I got program correct but still I don’t understand the concept of some part.
I tried to read thread as much I could but I didn’t find same question.
in excercise 8 istm_backward, we keep on adding dWf as the loop move from T_x to 1.
dWf += gradients["dWf"]
dWi += gradients["dWi"]
dWc += gradients["dWc"]
but why do we add up dWf as we each-time go backward(from T to 1)?

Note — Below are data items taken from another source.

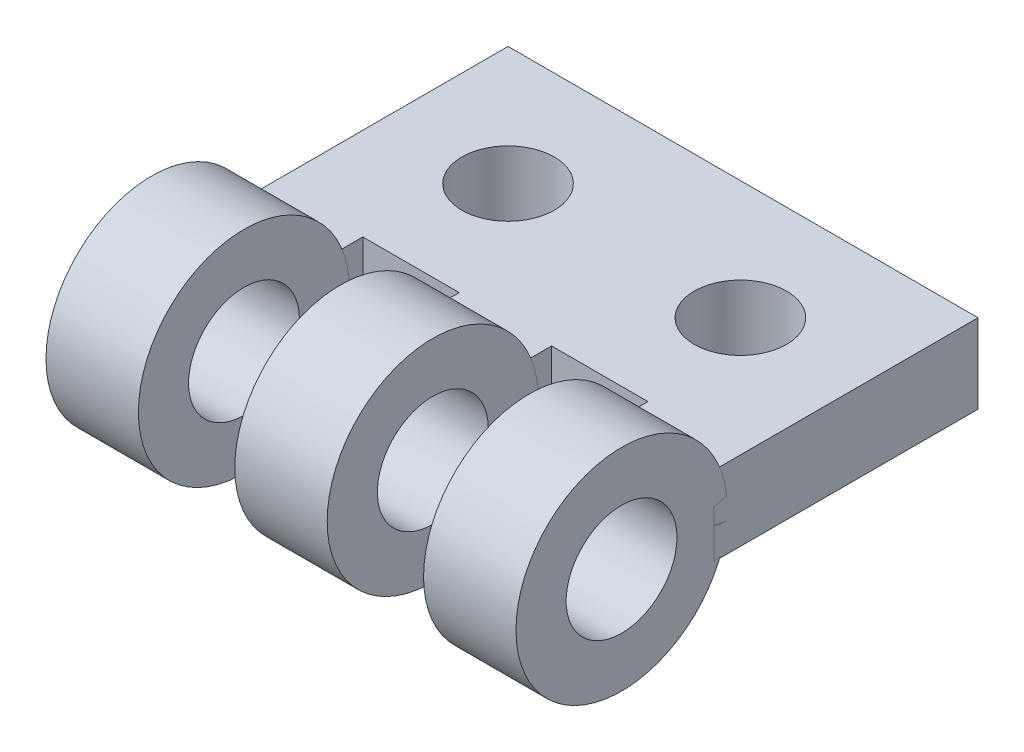
SolidWorks part; units mm, degrees
material "Acrílico (Impacto medio-alto)"
ref_plane "Alzado" through (0, 0, 0) normal (0, 0, 1) x (1, 0, 0)
ref_plane "Planta" through (0, 0, 0) normal (0, 1, 0) x (1, 0, 0)
ref_plane "Vista lateral" through (0, 0, 0) normal (1, 0, 0) x (0, 0, -1)
sketch "Croquis1" plane through (0, 0, 0) normal (1, 0, 0) x (0, -1, 0)
  circle A0 centre (0, 0) radius 4
  circle A1 centre (0, 0) radius 2.1
  dimension "D1" = 4.2
  dimension "D2" = 8
extrude "Saliente-Extruir1" add sketch "Croquis1" along normal blind 3.5
ref_axis "Eje1" through (3.5, 0, 0) along (-1, 0, 0)
pattern_linear "MatrizL3" count 3 spacing 7.15 along (-1, 0, 0) of bodies 101
ref_plane "Plano1" through (0, 0, -3.5) normal (0, 0, 1) x (1, 0, 0)
ref_plane "Plano2" through (-5.4, 0, 0) normal (1, 0, 0) x (0, 0, -1)
sketch "Croquis4" plane through (0, 0, -3.5) normal (0, 0, 1) x (1, 0, 0)
  line L0 (-5.4, -4.4) -> (-5.4, 4.4) construction
  line L1 (-14.3, 1.5) -> (3.5, 1.5)
  line L2 (-14.3, 1.5) -> (-14.3, -1.5)
  line L3 (-14.3, -1.5) -> (3.5, -1.5)
  line L4 (3.5, 1.5) -> (3.5, -1.5)
  line L5 (-14.3, 4) -> (-14.3, -4) construction
  line L6 (3.5, -4) -> (3.5, 4) construction
  point P4 (-14.3, 0)
  point P6 (-5.4, 1.5)
  dimension "D1" = 3
extrude "Saliente-Extruir2" add sketch "Croquis4" against normal blind 10 separate body
sketch "Croquis5" plane through (0, 1.5, 0) normal (0, 1, 0) x (1, 0, 0)
  line L1 (3.5, 13.5) -> (-14.3, 13.5) construction
  line L2 (3.5, 13.5) -> (3.5, 3.5) construction
  line L3 (-5.4, 13.5) -> (-5.4, 13.9354) construction
  circle A0 centre (-1, 9) radius 1.75
  circle A1 centre (-9.8, 9) radius 1.75
  dimension "D2" = 3.5
  dimension "D1" = 4.5
  dimension "D3" = 4.5
extrude "Cortar-Extruir1" cut sketch "Croquis5" against normal through all
sketch "Croquis7" plane through (0, 0, 0) normal (-1, 0, 0) x (0, 0, 1)
  line L0 (-4.5, 5.1094) -> (-4.5, -5.1094)
  line L1 (-4.5, 5.1094) -> (4.5098, 5.1094)
  line L2 (4.5098, 5.1094) -> (4.5098, -5.1094)
  line L3 (4.5098, -5.1094) -> (-4.5, -5.1094)
  circle A0 centre (0, 0) radius 4.5 construction
  point P6 (-4.5, 0)
  dimension "D1" = 9
extrude "Cortar-Extruir2" cut sketch "Croquis7" along normal up to surface (3.65 mm away) up to face at (-3.65, 0, -4)
ref_plane "Plano3" [suppressed] through (-5.4, 0, 0) normal (-1, 0, 0) x (0, 0, 1)
sketch "Croquis8" plane through (-7.15, 0, 0) normal (-1, 0, 0) x (0, 0, 1)
  line L0 (-4.5, 5.2414) -> (-4.5, -5.2414)
  line L1 (-4.5, 5.2414) -> (4.4483, 5.2414)
  line L2 (4.4483, 5.2414) -> (4.4483, -5.2414)
  line L3 (4.4483, -5.2414) -> (-4.5, -5.2414)
  circle A0 centre (0, 0) radius 4.5 construction
  point P6 (-4.5, 0)
  dimension "D1" = 9
extrude "Cortar-Extruir3" cut sketch "Croquis8" along normal up to surface (3.65 mm away) up to face at (-10.8, 0, -4)

shouldn’t it be just like below?
dWf = gradients["dWf"]
dWi = gradients["dWi"]
dWc = gradients["dWc"]
Hope someone explain why we doing this.
The reason is the way that RNNs work: the same cell with the same coefficients is used for each timestep. Each timestep changes the results and so gives gradients during back propagation. The way you take that into account is by adding the gradients at each timestep. Of course you’re also averaging them over the training samples as well, but you may be doing Stochastic Gradient Descent. Of course there is some ambiguity here: the gradients at a given timestep include the gradients at all the later timesteps because of the Chain Rule. Should we apply them only one step at a time and then recompute? That adds another loop to the whole process and would be very inefficient, so we just add them all up at a given iteration. Gradient Descent is an approximation method and is statistical anyway and it apparently works well enough this way.
Here’s another thread from a while back that discusses this same point in some detail. Please start with the linked post and read forward through the thread.
Thanks paulinpaloalto. I went the another thread and have better understanding now.